Is there anything that needs to be taken into consideration about drawing too much power from the rover?
I’m experimenting with a pan-and-tilt mount and if I do something aggressive like moving a servo from one extremity to another at full speed, the rover will sometimes turn off (all the blue LEDs go out). If I make a more graceful turn at a more sensible speed, this doesn’t seem to happen. I’ve also had the rover turn off like this when driving it around.
I could make it happen probably about 20% of the time just by using the wasd sample with nothing else attached to the board by going from full-forward to full-reverse.
Does that sound out of the ordinary to you in any way? I’m wondering if the tracks are too tight or if the road and idler wheels are pushed too tightly into the frame…? Too much friction == higher load on the motors? The gearbox is configuration C, as instructed.
Theorising that I was pulling too much power, I’ve made changes to the way the motors are controlled. When the rover changes direction, it now does two things:
1 - It stops for 100ms
2 - It builds up the speed of the tracks slowly, from a value of about 120 all the way to 255 (or whatever the target speed is). 120 was the minimum value I could use and actually have the tracks turn.
I’ve taken a similar approach with the servos on the pan/tilt mount, and it seems to have cured the issue.
I think I remember reading in the rover manual that the battery pack voltage is delivered as-is to the motors. Aren’t the supplied motors 3v? Is it OK to pump 6v from the 4AA pack into them?
Not directly - if you keep the load to a minimum, you can power them from the Arduino’s pins (set one of the digital pins to HIGH, the one next to it to LOW and the last to provide the signal. Note however that the current requirements under load far surpass what the Arduino’s pins can provide, so if you want to move any weight, it’s best to play it safe and power the red and black wires separately.
Vin = 3.7V, so it’s too low. You can use the 4xAA battery pack instead of you’d like and not have any trouble. The 3.7V LiPo is ideal for the motors and small electronics (and works great with the onboard LiPo charger). If you use the 4xAA pack, remember to remove the LiPo jumper so the USB does not try to charge the AA batteries.

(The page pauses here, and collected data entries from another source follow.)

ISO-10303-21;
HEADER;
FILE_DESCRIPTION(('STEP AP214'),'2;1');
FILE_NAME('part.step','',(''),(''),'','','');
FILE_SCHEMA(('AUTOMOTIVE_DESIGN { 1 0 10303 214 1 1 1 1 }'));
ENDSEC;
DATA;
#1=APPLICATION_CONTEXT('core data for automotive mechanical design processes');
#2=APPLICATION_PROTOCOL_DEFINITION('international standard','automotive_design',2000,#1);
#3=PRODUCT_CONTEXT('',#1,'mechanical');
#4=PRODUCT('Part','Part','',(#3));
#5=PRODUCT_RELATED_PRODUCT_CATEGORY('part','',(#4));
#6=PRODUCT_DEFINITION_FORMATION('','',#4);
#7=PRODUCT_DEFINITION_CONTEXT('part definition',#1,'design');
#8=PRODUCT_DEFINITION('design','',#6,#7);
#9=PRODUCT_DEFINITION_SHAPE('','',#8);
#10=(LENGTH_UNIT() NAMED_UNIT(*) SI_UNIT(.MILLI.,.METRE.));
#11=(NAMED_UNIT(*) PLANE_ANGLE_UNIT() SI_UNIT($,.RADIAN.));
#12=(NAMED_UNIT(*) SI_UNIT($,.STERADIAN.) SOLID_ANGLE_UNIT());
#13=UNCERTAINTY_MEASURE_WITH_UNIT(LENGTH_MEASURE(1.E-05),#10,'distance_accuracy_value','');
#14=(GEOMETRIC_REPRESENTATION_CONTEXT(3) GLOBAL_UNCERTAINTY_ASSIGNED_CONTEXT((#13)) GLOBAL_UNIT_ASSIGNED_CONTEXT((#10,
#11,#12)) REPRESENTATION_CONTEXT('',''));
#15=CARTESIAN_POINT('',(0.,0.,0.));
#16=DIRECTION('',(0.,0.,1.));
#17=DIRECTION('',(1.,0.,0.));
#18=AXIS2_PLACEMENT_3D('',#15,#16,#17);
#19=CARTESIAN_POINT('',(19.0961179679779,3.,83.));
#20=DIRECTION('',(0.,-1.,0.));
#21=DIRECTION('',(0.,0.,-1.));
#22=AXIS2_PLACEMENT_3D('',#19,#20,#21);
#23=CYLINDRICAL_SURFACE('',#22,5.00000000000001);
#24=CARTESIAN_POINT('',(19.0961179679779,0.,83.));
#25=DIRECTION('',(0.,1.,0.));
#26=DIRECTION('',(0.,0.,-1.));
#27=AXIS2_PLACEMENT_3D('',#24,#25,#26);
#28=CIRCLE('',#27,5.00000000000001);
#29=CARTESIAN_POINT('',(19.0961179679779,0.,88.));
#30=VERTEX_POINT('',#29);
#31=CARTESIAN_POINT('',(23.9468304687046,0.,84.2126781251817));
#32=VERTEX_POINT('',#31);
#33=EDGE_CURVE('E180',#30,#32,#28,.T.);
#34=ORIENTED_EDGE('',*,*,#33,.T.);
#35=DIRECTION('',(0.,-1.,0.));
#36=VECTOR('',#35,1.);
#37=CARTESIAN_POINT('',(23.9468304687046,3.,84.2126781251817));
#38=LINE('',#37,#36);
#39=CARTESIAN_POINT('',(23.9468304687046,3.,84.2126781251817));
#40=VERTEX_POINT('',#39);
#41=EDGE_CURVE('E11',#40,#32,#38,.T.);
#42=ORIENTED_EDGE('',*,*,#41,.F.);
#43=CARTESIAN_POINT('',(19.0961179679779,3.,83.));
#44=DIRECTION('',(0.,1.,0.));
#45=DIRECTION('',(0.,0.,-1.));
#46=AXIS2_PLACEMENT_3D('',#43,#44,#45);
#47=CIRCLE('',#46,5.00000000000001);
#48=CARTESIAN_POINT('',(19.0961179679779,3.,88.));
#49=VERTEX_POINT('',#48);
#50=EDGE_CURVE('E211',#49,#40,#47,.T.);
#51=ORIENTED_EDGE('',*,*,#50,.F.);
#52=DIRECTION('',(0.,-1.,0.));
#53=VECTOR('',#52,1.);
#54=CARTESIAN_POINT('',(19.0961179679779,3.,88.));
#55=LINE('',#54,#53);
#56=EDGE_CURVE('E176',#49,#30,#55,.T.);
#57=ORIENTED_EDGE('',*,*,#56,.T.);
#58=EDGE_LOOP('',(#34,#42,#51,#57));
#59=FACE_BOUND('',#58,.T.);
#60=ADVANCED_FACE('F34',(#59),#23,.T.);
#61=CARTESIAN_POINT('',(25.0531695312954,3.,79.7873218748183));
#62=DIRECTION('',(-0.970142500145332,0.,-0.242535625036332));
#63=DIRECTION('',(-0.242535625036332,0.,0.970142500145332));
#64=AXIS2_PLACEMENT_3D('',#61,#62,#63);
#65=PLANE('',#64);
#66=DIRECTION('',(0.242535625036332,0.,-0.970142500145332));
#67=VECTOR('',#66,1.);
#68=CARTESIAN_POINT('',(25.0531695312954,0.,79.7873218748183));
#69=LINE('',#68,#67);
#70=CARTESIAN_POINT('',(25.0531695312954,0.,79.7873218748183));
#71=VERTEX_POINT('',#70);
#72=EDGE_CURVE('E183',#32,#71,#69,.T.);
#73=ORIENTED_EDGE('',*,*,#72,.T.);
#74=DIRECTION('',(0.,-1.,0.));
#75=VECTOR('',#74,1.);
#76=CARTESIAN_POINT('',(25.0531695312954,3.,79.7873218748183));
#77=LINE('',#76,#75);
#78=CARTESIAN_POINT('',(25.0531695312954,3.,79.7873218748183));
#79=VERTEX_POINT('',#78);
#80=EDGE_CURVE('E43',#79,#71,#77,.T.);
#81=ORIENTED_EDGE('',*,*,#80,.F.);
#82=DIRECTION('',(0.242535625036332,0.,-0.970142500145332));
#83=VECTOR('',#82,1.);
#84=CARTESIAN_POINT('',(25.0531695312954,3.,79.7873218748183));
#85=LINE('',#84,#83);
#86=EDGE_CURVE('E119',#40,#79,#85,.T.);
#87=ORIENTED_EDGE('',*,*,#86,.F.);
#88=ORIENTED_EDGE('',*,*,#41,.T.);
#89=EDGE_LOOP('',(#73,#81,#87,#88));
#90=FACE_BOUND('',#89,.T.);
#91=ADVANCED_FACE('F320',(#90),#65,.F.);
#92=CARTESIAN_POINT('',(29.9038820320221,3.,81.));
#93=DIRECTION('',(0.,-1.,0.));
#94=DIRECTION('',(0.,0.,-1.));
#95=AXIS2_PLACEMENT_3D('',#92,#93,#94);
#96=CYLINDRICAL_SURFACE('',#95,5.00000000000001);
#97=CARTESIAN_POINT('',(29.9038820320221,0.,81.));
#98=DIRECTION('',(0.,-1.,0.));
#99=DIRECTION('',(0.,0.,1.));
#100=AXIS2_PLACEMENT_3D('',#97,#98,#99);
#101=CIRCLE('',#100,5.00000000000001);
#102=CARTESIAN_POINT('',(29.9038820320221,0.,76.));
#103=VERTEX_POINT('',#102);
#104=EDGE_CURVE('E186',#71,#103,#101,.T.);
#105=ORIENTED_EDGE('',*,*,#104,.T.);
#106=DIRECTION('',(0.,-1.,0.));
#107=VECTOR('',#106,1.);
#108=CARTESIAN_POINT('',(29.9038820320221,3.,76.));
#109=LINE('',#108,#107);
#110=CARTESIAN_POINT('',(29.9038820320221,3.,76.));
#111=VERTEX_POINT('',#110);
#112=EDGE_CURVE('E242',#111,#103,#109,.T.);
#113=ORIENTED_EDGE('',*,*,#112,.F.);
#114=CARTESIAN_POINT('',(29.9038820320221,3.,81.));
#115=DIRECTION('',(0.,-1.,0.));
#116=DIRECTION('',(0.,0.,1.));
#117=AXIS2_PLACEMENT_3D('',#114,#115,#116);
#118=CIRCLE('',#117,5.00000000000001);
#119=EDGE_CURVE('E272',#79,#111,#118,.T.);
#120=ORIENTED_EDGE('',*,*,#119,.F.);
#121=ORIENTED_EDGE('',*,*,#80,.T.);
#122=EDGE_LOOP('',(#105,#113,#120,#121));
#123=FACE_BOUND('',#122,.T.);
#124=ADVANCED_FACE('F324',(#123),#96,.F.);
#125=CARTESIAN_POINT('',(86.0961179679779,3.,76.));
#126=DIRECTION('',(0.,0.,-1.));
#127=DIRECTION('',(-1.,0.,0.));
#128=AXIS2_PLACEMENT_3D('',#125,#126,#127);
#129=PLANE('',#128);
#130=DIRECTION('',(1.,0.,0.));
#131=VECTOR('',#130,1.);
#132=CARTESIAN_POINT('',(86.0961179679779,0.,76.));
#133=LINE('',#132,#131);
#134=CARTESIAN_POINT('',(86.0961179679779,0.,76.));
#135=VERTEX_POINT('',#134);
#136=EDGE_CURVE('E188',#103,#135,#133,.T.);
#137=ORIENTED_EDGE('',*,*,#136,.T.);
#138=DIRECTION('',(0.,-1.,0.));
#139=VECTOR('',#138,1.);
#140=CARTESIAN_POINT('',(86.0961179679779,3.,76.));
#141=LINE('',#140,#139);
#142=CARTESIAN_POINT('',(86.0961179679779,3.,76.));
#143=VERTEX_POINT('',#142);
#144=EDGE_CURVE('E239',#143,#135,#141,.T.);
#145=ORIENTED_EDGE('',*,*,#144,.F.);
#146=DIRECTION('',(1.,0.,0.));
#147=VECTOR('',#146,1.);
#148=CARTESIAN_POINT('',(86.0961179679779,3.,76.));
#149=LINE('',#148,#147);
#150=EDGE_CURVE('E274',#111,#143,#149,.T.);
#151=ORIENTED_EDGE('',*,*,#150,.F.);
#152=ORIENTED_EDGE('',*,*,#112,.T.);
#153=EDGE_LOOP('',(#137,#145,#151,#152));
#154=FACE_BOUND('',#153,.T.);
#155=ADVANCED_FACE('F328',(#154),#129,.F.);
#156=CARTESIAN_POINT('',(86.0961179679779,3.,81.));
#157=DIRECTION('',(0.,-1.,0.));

We offer a few of those as well: robotshop.com/lithium-polymer-battery-packs-1.html
The overall DFRobotShop Rover (two motors, the microcontroller, a pair of servos which consume quite a bit of current) may consume more than the max 1A the packs are rated for.
This means you can use a 6V battery pack for the DC motors and the servos, but you still need to power the logic and the camera, which require at least 250mA. You have two choices: step up from 6V or step down from 9V. Most of the time, the main battery corresponds to the actuators since they tend to draw more current. Ex: robotshop.com/dimension-engineering-de-swadj.html robotshop.com/dimension-voltage-regulator-board-1.html (makes connections easier).
That’s most certainly a power drain issue - the battery cannot discharge at a high enough current for that motion. The suggested battery is only a 3.7V, 1Ah LiPo which can discharge at ~2A. This means whatever you are doing is likely consuming well over 2A and causing the rover to shut down.
Can you send an image of how you have the Rover built? The tracks should be a near perfect fit and not tight. It sounds like you may not have configured the motor in configuration C. The battery needs to be left charged for at least 10 hours before you use it initially. The battery should have no problem at all powering the motors under full load as well as additional sensors etc.
Correct. We have successfully created that exact setup without any issues. Can you check to see that there is nothing blocking or impeding the servos from moving freely? Also, it’s important to note that the servos, albeit small, can consume a LOT of current - moreso than the Arduino pins can provide. This may explain the brown-outs. You need to wire the servo’s V line to the battery as opposed to connecting them to the digital or analog pins.
For a motor, nominal voltage is the “optimal” operating conditions for a motor - providing the best efficiency vs torque output (not necessarily the maximum torque which may not be efficient). For DC motors, manufacturers often provide a nominal voltage and a voltage range (for example 6V nominal and operates “well” between 4.8V and 7.2V). Outside of these specs the motor will likely run, but really inefficiently and the life span will diminish. Nominal voltage for electrical equipment without a voltage range often means the specific voltage at which the equipment operates.
The Tamiya Twin Motor gearbox is 3V nominal, and feeding them at 4.8V is not great (lower efficiency, which translates to a slightly shorter life span). We use these motors at up to 6V without much issue. For max efficiency, we do sell 4.5V nominal motors as well which can replace the two DC motors in the gearbox.
What’s the voltage range that the servos included with the Dagu pan/tilt kit will work with? Will they work with the 3.7v from the battery? If so, can I attach my servos to the Vin pin?